Stored data:
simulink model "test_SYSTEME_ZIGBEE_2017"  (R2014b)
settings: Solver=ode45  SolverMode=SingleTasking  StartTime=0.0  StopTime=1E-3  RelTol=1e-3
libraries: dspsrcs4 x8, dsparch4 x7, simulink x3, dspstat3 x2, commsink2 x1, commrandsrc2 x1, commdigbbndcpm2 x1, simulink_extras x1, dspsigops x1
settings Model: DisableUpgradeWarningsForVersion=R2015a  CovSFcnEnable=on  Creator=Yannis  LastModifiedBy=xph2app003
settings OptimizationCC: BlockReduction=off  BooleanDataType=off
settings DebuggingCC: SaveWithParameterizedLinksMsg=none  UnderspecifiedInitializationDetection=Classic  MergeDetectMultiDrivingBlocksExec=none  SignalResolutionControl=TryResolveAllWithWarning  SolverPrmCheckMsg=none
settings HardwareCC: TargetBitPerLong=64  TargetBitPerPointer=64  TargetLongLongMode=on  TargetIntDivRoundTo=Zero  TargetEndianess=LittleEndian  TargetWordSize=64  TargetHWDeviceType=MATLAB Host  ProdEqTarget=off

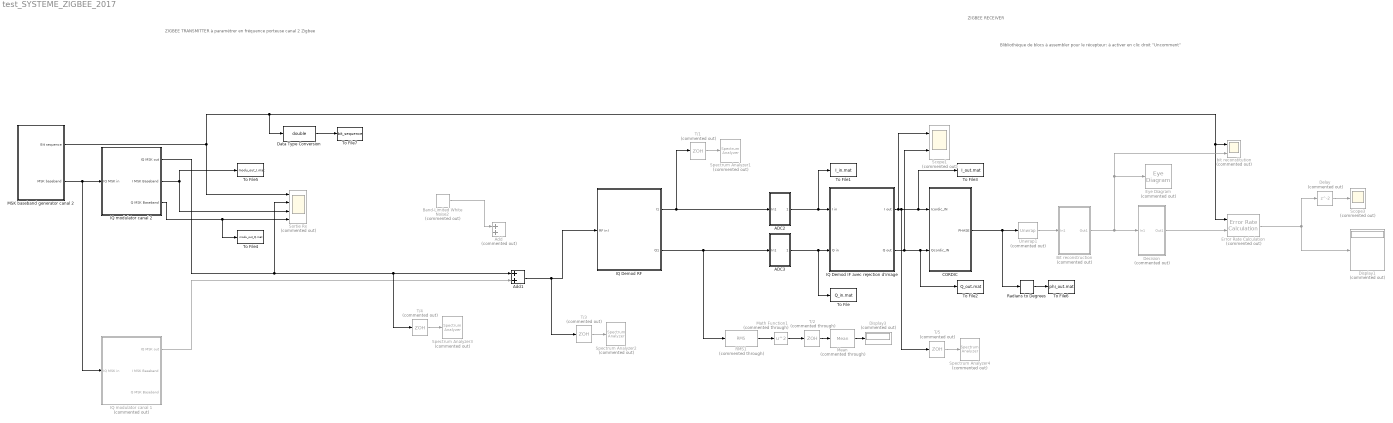
== system test_SYSTEME_ZIGBEE_2017 ==
  note: ZIGBEE RECEIVER
  note: ZIGBEE TRANSMITTER
      | à paramétrer en fréquence porteuse
      | canal 2  Zigbee
  note: Blibliothèque de blocs à assembler pour le récepteur: à activer en clic droit "Uncomment"
  ADC2 : Subsystem
  ADC3 : Subsystem
  Add : Sum  Commented=on
  Add1 : Sum
  Band-Limited White Noise2 : simulink/Sources/Band-Limited White Noise  Commented=on  Cov=[1e-9]  Ts=5e-10  seed=[23341]
  Bit reconstruction : Subsystem  Commented=on
  CORDIC : Subsystem
  Data Type Conversion : DataTypeConversion  OutDataTypeStr=double
  Decision : Subsystem  Commented=on
  Delay : Delay  Commented=on  InitialCondition=0
  Display1 : Display  Commented=on
  Display3 : Display  Commented=on
  Error Rate Calculation : commsink2/Error Rate Calculation  Commented=on  N=1  st_delay=1  cp_mode=Entire frame  subframe=[]  PMode=Port  WsName=ErrorVec  RsMode2=off  stop=off  numErr=100  maxBits=1e6
  Eye Diagram : EyeDiagram  Commented=on
  IQ Demod IF avec rejection d'image : Subsystem  TreatAsAtomicUnit=on
  IQ Demod RF : Subsystem  TreatAsAtomicUnit=on
  IQ modulator canal 1 : Subsystem  Commented=on
  IQ modulator canal 2 : Subsystem
  MSK baseband generator canal 2 : Subsystem
  Math Function1 : Math  Commented=through  Operator=square  SaturateOnIntegerOverflow=on
  Mean : dspstat3/Mean  Commented=through  run=on  reset_popup=None  InputProcessing=Columns as channels (frame based)  directionMode=Each column  dimension=1  treatSBRowAsCol=on  roiEnable=off  roiType=Rectangles  roiPortion=Entire ROI  roiOutput=Individual statistics for each ROI  roiFlag=off  outputDataTypeStr=Inherit: Same as accumulator  outputLastDataTypeStr=Inherit: Same as accumulator  outputMin=[]  outputMax=[]  roundingMode=Floor  overflowMode=off
  RMS1 : dspstat3/RMS  Commented=through  run=off  reset_popup=None  InputProcessing=Columns as channels (frame based)  directionMode=Entire input  dimension=1  treatSBRowAsCol=on
  Radians to Degrees : simulink_extras/Transformations/Radians to Degrees
  Scope1 : Scope  Commented=on  NumInputPorts=2
      settings: YMin=-1.5~-1.5  YMax=1.5~1.5  MaxDataPoints=20000
  Scope3 : Scope  Commented=on
      settings: TimeRange=9.999999999999999e-05  YMin=-1  YMax=1  SaveName=ScopeData2
  Sortie Rx : Scope  Commented=on  NumInputPorts=4
      settings: TimeRange=1e-05  YMin=-1~-1.5~-1~-1  YMax=2~1.5~1~1
  Spectrum Analyzer{1..4} (4 alike) : SpectrumAnalyzer  Commented=on
  T/{1,3..5} (4 alike) : ZeroOrderHold  Commented=on  SampleTime=1/(10e6)
  T/2 : ZeroOrderHold  Commented=through  SampleTime=1/(10e6)
  To File : ToFile  Filename=Q_in.mat
  To File1 : ToFile  Filename=I_in.mat
  To File2 : ToFile  Filename=Q_out.mat
  To File3 : ToFile  Filename=I_out.mat
  To File4 : ToFile  Filename=modu_out_Q.mat
  To File5 : ToFile  Filename=modu_out_I.mat
  To File6 : ToFile  Filename=phi_out.mat
  To File7 : ToFile  Filename=bit_sequence  MatrixName=bit
  Unwrap1 : dspsigops/Unwrap  Commented=on  tol=pi  InputProcessing=Columns as channels (frame based)  running=off
  bit reconstitution : Scope  Commented=on  NumInputPorts=2
      settings: TimeRange=1.049040685224839e-05  YMin=-0.2~-2  YMax=3~0.6  SaveName=ScopeData4
  wires:
  Delay/1 -> Scope3/1
  MSK baseband generator canal 2/1(Bit sequence) -> Data Type Conversion/1, Error Rate Calculation/1, bit reconstitution/1, Sortie Rx/1
  IQ modulator canal 2/3(Q MSK Baseband) -> To File4/1, Sortie Rx/4
  Error Rate Calculation/1 -> Display1/1, Delay/1
  ADC2/1(Out1) -> To File1/1, IQ Demod IF avec rejection d'image/1("I in ")
  ADC3/1(Out1) -> To File/1, IQ Demod IF avec rejection d'image/2("Q in ")
  IQ modulator canal 2/2(I MSK Baseband) -> Sortie Rx/3, To File5/1
  IQ Demod RF/1(I1) -> ADC2/1(In1), T/1/1
  IQ Demod RF/2("Q1 ") -> RMS1/1, ADC3/1(In1)
  IQ Demod IF avec rejection d'image/2(Q out) -> To File2/1, CORDIC/2(Qcordic_IN), Scope1/2
  CORDIC/1(PHASE) -> Radians to Degrees/1, Unwrap1/1
  Unwrap1/1 -> Bit reconstruction/1(In1)
  Bit reconstruction/1(Out1) -> Eye Diagram/1, bit reconstitution/2, Decision/1(In1)
  T/1/1 -> Spectrum Analyzer1/1
  Decision/1(Out1) -> Error Rate Calculation/2
  Band-Limited White Noise2/1 -> Add/1
  RMS1/1 -> Math Function1/1
  T/2/1 -> Mean/1
  Mean/1 -> Display3/1
  Math Function1/1 -> T/2/1
  MSK baseband generator canal 2/2(MSK baseband) -> IQ modulator canal 1/1(IQ MSK in), IQ modulator canal 2/1(IQ MSK in)
  IQ modulator canal 1/1("IQ MSK out ") -> Add1/2
  Add1/1 -> T/3/1, IQ Demod RF/1(RF in I)
  T/3/1 -> Spectrum Analyzer2/1
  IQ modulator canal 2/1("IQ MSK out ") -> Sortie Rx/2, T/4/1, Add1/1
  T/4/1 -> Spectrum Analyzer3/1
  IQ Demod IF avec rejection d'image/1(I out) -> To File3/1, CORDIC/1(Icordic_IN), T/5/1, Scope1/1
  T/5/1 -> Spectrum Analyzer4/1
  Data Type Conversion/1 -> To File7/1
  Radians to Degrees/1 -> To File6/1

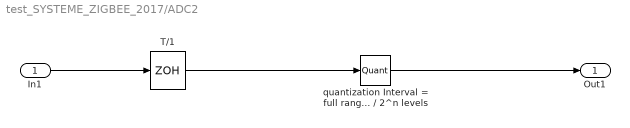
== system test_SYSTEME_ZIGBEE_2017/ADC2 ==
  In1 : Inport
  T/1 : ZeroOrderHold  SampleTime=1/(50e6)
  quantization Interval = full range (2Volts) / 2^n levels : Quantizer  QuantizationInterval=2/32  LinearizeAsGain=off  SampleTime=1/(50e6)
  Out1 : Outport
  wires:
  In1/1 -> T/1/1
  T/1/1 -> quantization Interval = full range (2Volts) / 2^n levels/1
  quantization Interval = full range (2Volts) / 2^n levels/1 -> Out1/1

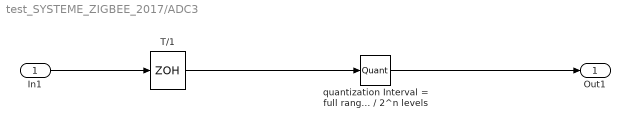
== system test_SYSTEME_ZIGBEE_2017/ADC3 ==
  In1 : Inport
  T/1 : ZeroOrderHold  SampleTime=1/(50e6)
  quantization Interval = full range (2Volts) / 2^n levels : Quantizer  QuantizationInterval=2/32  LinearizeAsGain=off  SampleTime=1/(50e6)
  Out1 : Outport
  wires:
  In1/1 -> T/1/1
  T/1/1 -> quantization Interval = full range (2Volts) / 2^n levels/1
  quantization Interval = full range (2Volts) / 2^n levels/1 -> Out1/1

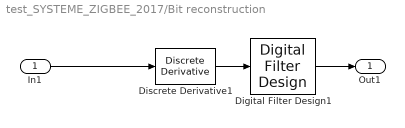
== system test_SYSTEME_ZIGBEE_2017/Bit reconstruction ==
  In1 : Inport
  Digital Filter Design1 : dsparch4/Digital Filter Design  mwdsp_browser_bugfix_var=off
  Discrete Derivative1 : simulink/Discrete/Discrete Derivative  gainval=1/(10e6)  ICPrevScaledInput=0.0  InputProcessing=Inherited  OutMin=[]  OutMax=[]  OutDataTypeStr=double  OutputDataTypeScalingMode=double  OutDataType=fixdt(1, 16)  OutScaling=2^-10  DoSatur=off
  Out1 : Outport
  wires:
  Discrete Derivative1/1 -> Digital Filter Design1/1
  Digital Filter Design1/1 -> Out1/1
  In1/1 -> Discrete Derivative1/1

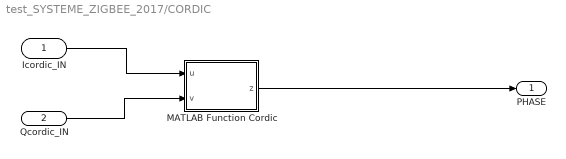
== system test_SYSTEME_ZIGBEE_2017/CORDIC ==
  Icordic_IN : Inport
  Qcordic_IN : Inport  Port=2
  MATLAB Function Cordic : MATLAB Function  TreatAsAtomicUnit=on
  PHASE : Outport
  wires:
  MATLAB Function Cordic/1(z) -> PHASE/1
  Icordic_IN/1 -> MATLAB Function Cordic/1(u)
  Qcordic_IN/1 -> MATLAB Function Cordic/2(v)

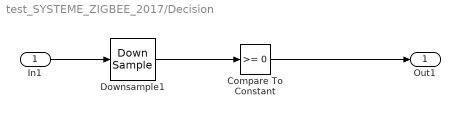
== system test_SYSTEME_ZIGBEE_2017/Decision ==
  In1 : Inport
  Compare To Constant : simulink/Logic and Bit Operations/Compare To Constant  relop=>=  const=0  OutDataTypeStr=boolean
  Downsample1 : DownSample  N=5  phase=2
  Out1 : Outport
  wires:
  Compare To Constant/1 -> Out1/1
  In1/1 -> Downsample1/1
  Downsample1/1 -> Compare To Constant/1

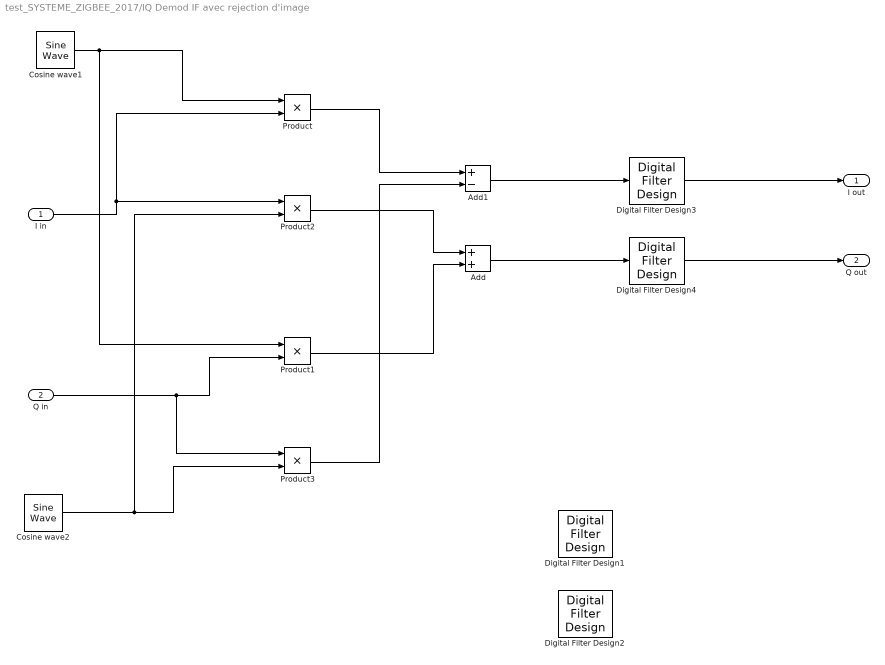
== system test_SYSTEME_ZIGBEE_2017/IQ Demod IF avec rejection d'image ==
  "I in " : Inport
  "Q in " : Inport  Port=2
  Add : Sum
  Add1 : Sum  Inputs=+-
  Cosine wave1 : dspsrcs4/Sine Wave  Amplitude=1  Frequency=2.5e6  Phase=pi/2  SampleMode=Discrete  OutComplex=Real  CompMethod=Trigonometric fcn  TableSize=Speed  SampleTime=1/(50e6)  SamplesPerFrame=1  ResetState=Restart at time zero  dataType=double  wordLen=16  udDataType=sfix(16)  fracBitsMode=Best precision  numFracBits=15  OutDataTypeStr=double  LastOutDataTypeStr=double
  Cosine wave2 : dspsrcs4/Sine Wave  Amplitude=1  Frequency=2.5e6  Phase=pi  SampleMode=Discrete  OutComplex=Real  CompMethod=Trigonometric fcn  TableSize=Speed  SampleTime=1/(50e6)  SamplesPerFrame=1  ResetState=Restart at time zero  dataType=double  wordLen=16  udDataType=sfix(16)  fracBitsMode=Best precision  numFracBits=15  OutDataTypeStr=double  LastOutDataTypeStr=double
  Digital Filter Design{1..4} (4 alike) : dsparch4/Digital Filter Design  mwdsp_browser_bugfix_var=off
  Product{,1..3} (4 alike) : Product
  I out : Outport
  Q out : Outport  Port=2
  wires:
  Cosine wave1/1 -> Product1/1, Product/1
  Cosine wave2/1 -> Product2/2, Product3/2
  "I in "/1 -> Product2/1, Product/2
  "Q in "/1 -> Product3/1, Product1/2
  Product/1 -> Add1/1
  Product3/1 -> Add1/2
  Product2/1 -> Add/1
  Product1/1 -> Add/2
  Add/1 -> Digital Filter Design4/1
  Digital Filter Design4/1 -> Q out/1
  Digital Filter Design3/1 -> I out/1
  Add1/1 -> Digital Filter Design3/1

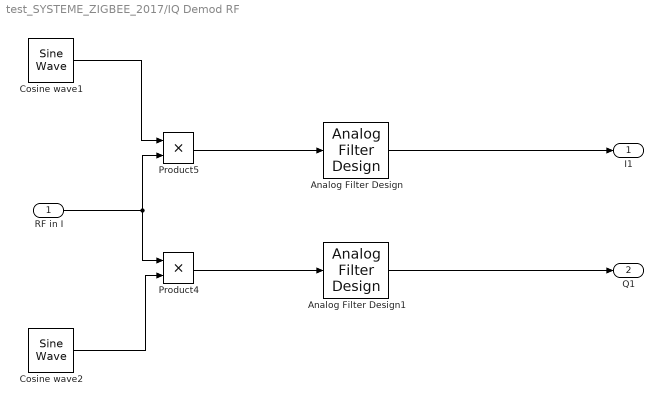
== system test_SYSTEME_ZIGBEE_2017/IQ Demod RF ==
  RF in I : Inport
  Analog Filter Design : dsparch4/Analog Filter Design  method=Butterworth  filttype=Lowpass  N=8  Wlo=31.4e6  Whi=80  Rp=2  Rs=40
  Analog Filter Design1 : dsparch4/Analog Filter Design  method=Butterworth  filttype=Lowpass  N=8  Wlo=31.4e6  Whi=80  Rp=2  Rs=40
  Cosine wave1 : dspsrcs4/Sine Wave  Amplitude=1  Frequency=2.4075e9  Phase=pi/2  SampleMode=Continuous  OutComplex=Real  CompMethod=Trigonometric fcn  TableSize=Speed  SampleTime=1/(10e6)  SamplesPerFrame=1  ResetState=Restart at time zero  dataType=double  wordLen=16  udDataType=sfix(16)  fracBitsMode=Best precision  numFracBits=15  OutDataTypeStr=double  LastOutDataTypeStr=double
  Cosine wave2 : dspsrcs4/Sine Wave  Amplitude=1  Frequency=2.4075e9  Phase=pi  SampleMode=Continuous  OutComplex=Real  CompMethod=Trigonometric fcn  TableSize=Speed  SampleTime=1/(10e6)  SamplesPerFrame=1  ResetState=Restart at time zero  dataType=double  wordLen=16  udDataType=sfix(16)  fracBitsMode=Best precision  numFracBits=15  OutDataTypeStr=double  LastOutDataTypeStr=double
  Product4 : Product  RndMeth=Zero
  Product5 : Product  RndMeth=Zero
  I1 : Outport
  "Q1 " : Outport  Port=2
  wires:
  RF in I/1 -> Product5/2, Product4/1
  Cosine wave2/1 -> Product4/2
  Cosine wave1/1 -> Product5/1
  Product5/1 -> Analog Filter Design/1
  Product4/1 -> Analog Filter Design1/1
  Analog Filter Design/1 -> I1/1
  Analog Filter Design1/1 -> "Q1 "/1

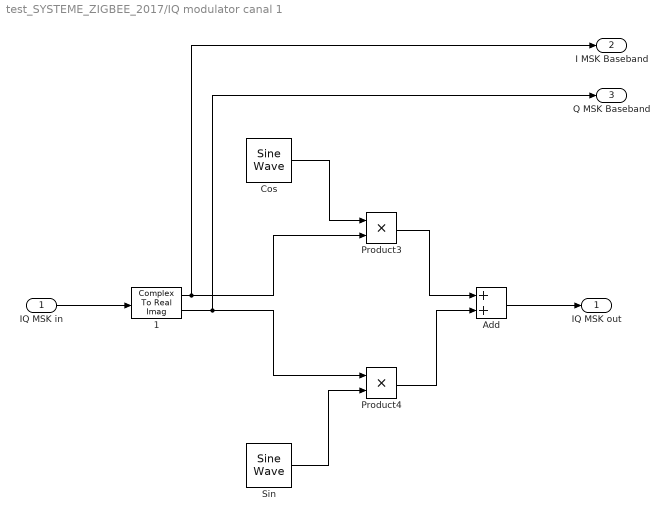
== system test_SYSTEME_ZIGBEE_2017/IQ modulator canal 1 ==
  IQ MSK in : Inport
  " 1" : ComplexToRealImag
  Add : Sum
  Cos : dspsrcs4/Sine Wave  Amplitude=1  Frequency=2.405e9  Phase=pi/2  SampleMode=Continuous  OutComplex=Real  CompMethod=Trigonometric fcn  TableSize=Speed  SampleTime=1/(8*2.4e9)  SamplesPerFrame=1  ResetState=Restart at time zero  dataType=double  wordLen=16  udDataType=sfix(16)  fracBitsMode=Best precision  numFracBits=15  OutDataTypeStr=double  LastOutDataTypeStr=double
  Product3 : Product  RndMeth=Zero
  Product4 : Product  RndMeth=Zero
  Sin : dspsrcs4/Sine Wave  Amplitude=1  Frequency=2.405E9  Phase=pi  SampleMode=Continuous  OutComplex=Real  CompMethod=Trigonometric fcn  TableSize=Speed  SampleTime=1/(4*2.4e9)  SamplesPerFrame=1  ResetState=Restart at time zero  dataType=double  wordLen=16  udDataType=sfix(16)  fracBitsMode=Best precision  numFracBits=15  OutDataTypeStr=double  LastOutDataTypeStr=double
  "IQ MSK out " : Outport
  I MSK Baseband : Outport  Port=2
  Q MSK Baseband : Outport  Port=3
  wires:
  Add/1 -> "IQ MSK out "/1
  Product4/1 -> Add/2
  " 1"/2 -> Product4/1, Q MSK Baseband/1
  " 1"/1 -> I MSK Baseband/1, Product3/2
  Sin/1 -> Product4/2
  Product3/1 -> Add/1
  Cos/1 -> Product3/1
  IQ MSK in/1 -> " 1"/1

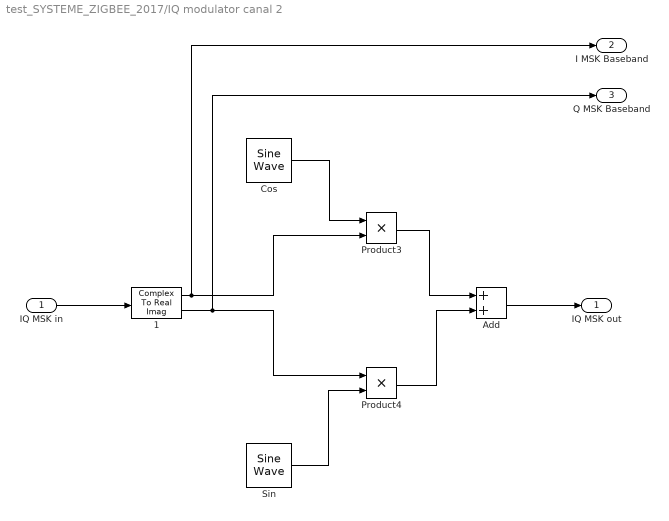
== system test_SYSTEME_ZIGBEE_2017/IQ modulator canal 2 ==
  IQ MSK in : Inport
  " 1" : ComplexToRealImag
  Add : Sum
  Cos : dspsrcs4/Sine Wave  Amplitude=1  Frequency=2.410e9  Phase=pi/2  SampleMode=Continuous  OutComplex=Real  CompMethod=Trigonometric fcn  TableSize=Speed  SampleTime=1/(8*2.4e9)  SamplesPerFrame=1  ResetState=Restart at time zero  dataType=double  wordLen=16  udDataType=sfix(16)  fracBitsMode=Best precision  numFracBits=15  OutDataTypeStr=double  LastOutDataTypeStr=double
  Product3 : Product  RndMeth=Zero
  Product4 : Product  RndMeth=Zero
  Sin : dspsrcs4/Sine Wave  Amplitude=1  Frequency=2.410E9  Phase=pi  SampleMode=Continuous  OutComplex=Real  CompMethod=Trigonometric fcn  TableSize=Speed  SampleTime=1/(4*2.4e9)  SamplesPerFrame=1  ResetState=Restart at time zero  dataType=double  wordLen=16  udDataType=sfix(16)  fracBitsMode=Best precision  numFracBits=15  OutDataTypeStr=double  LastOutDataTypeStr=double
  "IQ MSK out " : Outport
  I MSK Baseband : Outport  Port=2
  Q MSK Baseband : Outport  Port=3
  wires:
  Add/1 -> "IQ MSK out "/1
  Product4/1 -> Add/2
  " 1"/2 -> Product4/1, Q MSK Baseband/1
  " 1"/1 -> I MSK Baseband/1, Product3/2
  Sin/1 -> Product4/2
  Product3/1 -> Add/1
  Cos/1 -> Product3/1
  IQ MSK in/1 -> " 1"/1

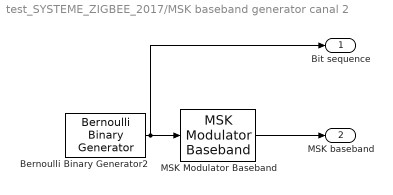
== system test_SYSTEME_ZIGBEE_2017/MSK baseband generator canal 2 ==
  Bernoulli Binary Generator2 : commrandsrc2/Bernoulli Binary Generator  P=0.5  seed=0  Ts=0.5e-6  frameBased=off  sampPerFrame=1  orient=off  outDataType=boolean
  MSK Modulator Baseband : commdigbbndcpm2/MSK Modulator Baseband  inputType=Bit  phaseOffset=0  samplesPerSymbol=20  RateOptions=Inherit from input (this choice will be removed - see release notes)  outDataType=double
  Bit sequence : Outport
  MSK baseband : Outport  Port=2
  wires:
  Bernoulli Binary Generator2/1 -> Bit sequence/1, MSK Modulator Baseband/1
  MSK Modulator Baseband/1 -> MSK baseband/1

== matlab function test_SYSTEME_ZIGBEE_2017/CORDIC/MATLAB Function Cordic ==
  data: u input; z output; v input
function z = fcn(u,v)
%#codegen

I0=u;
Q0=v;
I=zeros(1,9);
Q=zeros(1,9);
I(1)=u;
Q(1)=v;
k=0;
z=0;
c1=0;
c2=0;


if I0<0
    if Q0>0
    I(1)=-I0;
    Q(1)=-Q0;
    c1=1;
    end
    if Q0<0
    I(1)=-I0;
    Q(1)=-Q0;
    c2=1;
    end
end

if  I0==0
    if Q0<0;
        z=-pi/2;
    end
    if Q0>0
        z=+pi/2;
    end
end


    
if I(1)>0
    while (k<8)
        if Q(k+1)<0
        Q(k+2)=Q(k+1)+I(k+1)*2^(-k);
        I(k+2)=I(k+1)-Q(k+1)*2^(-k);
        z=z-atan(2^(-(k)));
        end
        if Q(k+1)>0
        Q(k+2)=Q(k+1)-I(k+1)*2^(-k);
        I(k+2)=I(k+1)+Q(k+1)*2^(-k);
        z=z+atan(2^(-k));
        end
        if Q(k+1)==0
        break;
        end
        k=k+1;
    end

end

if c1==1
    z=pi+z;
end

if c2==1
    z=-pi+z;
end

 
end

[Task brief] From the entries above, copy each line holding "Limited".

[Solution to this exercise]
  Band-Limited White Noise2 : simulink/Sources/Band-Limited White Noise  Commented=on  Cov=[1e-9]  Ts=5e-10  seed=[23341]
  Band-Limited White Noise2/1 -> Add/1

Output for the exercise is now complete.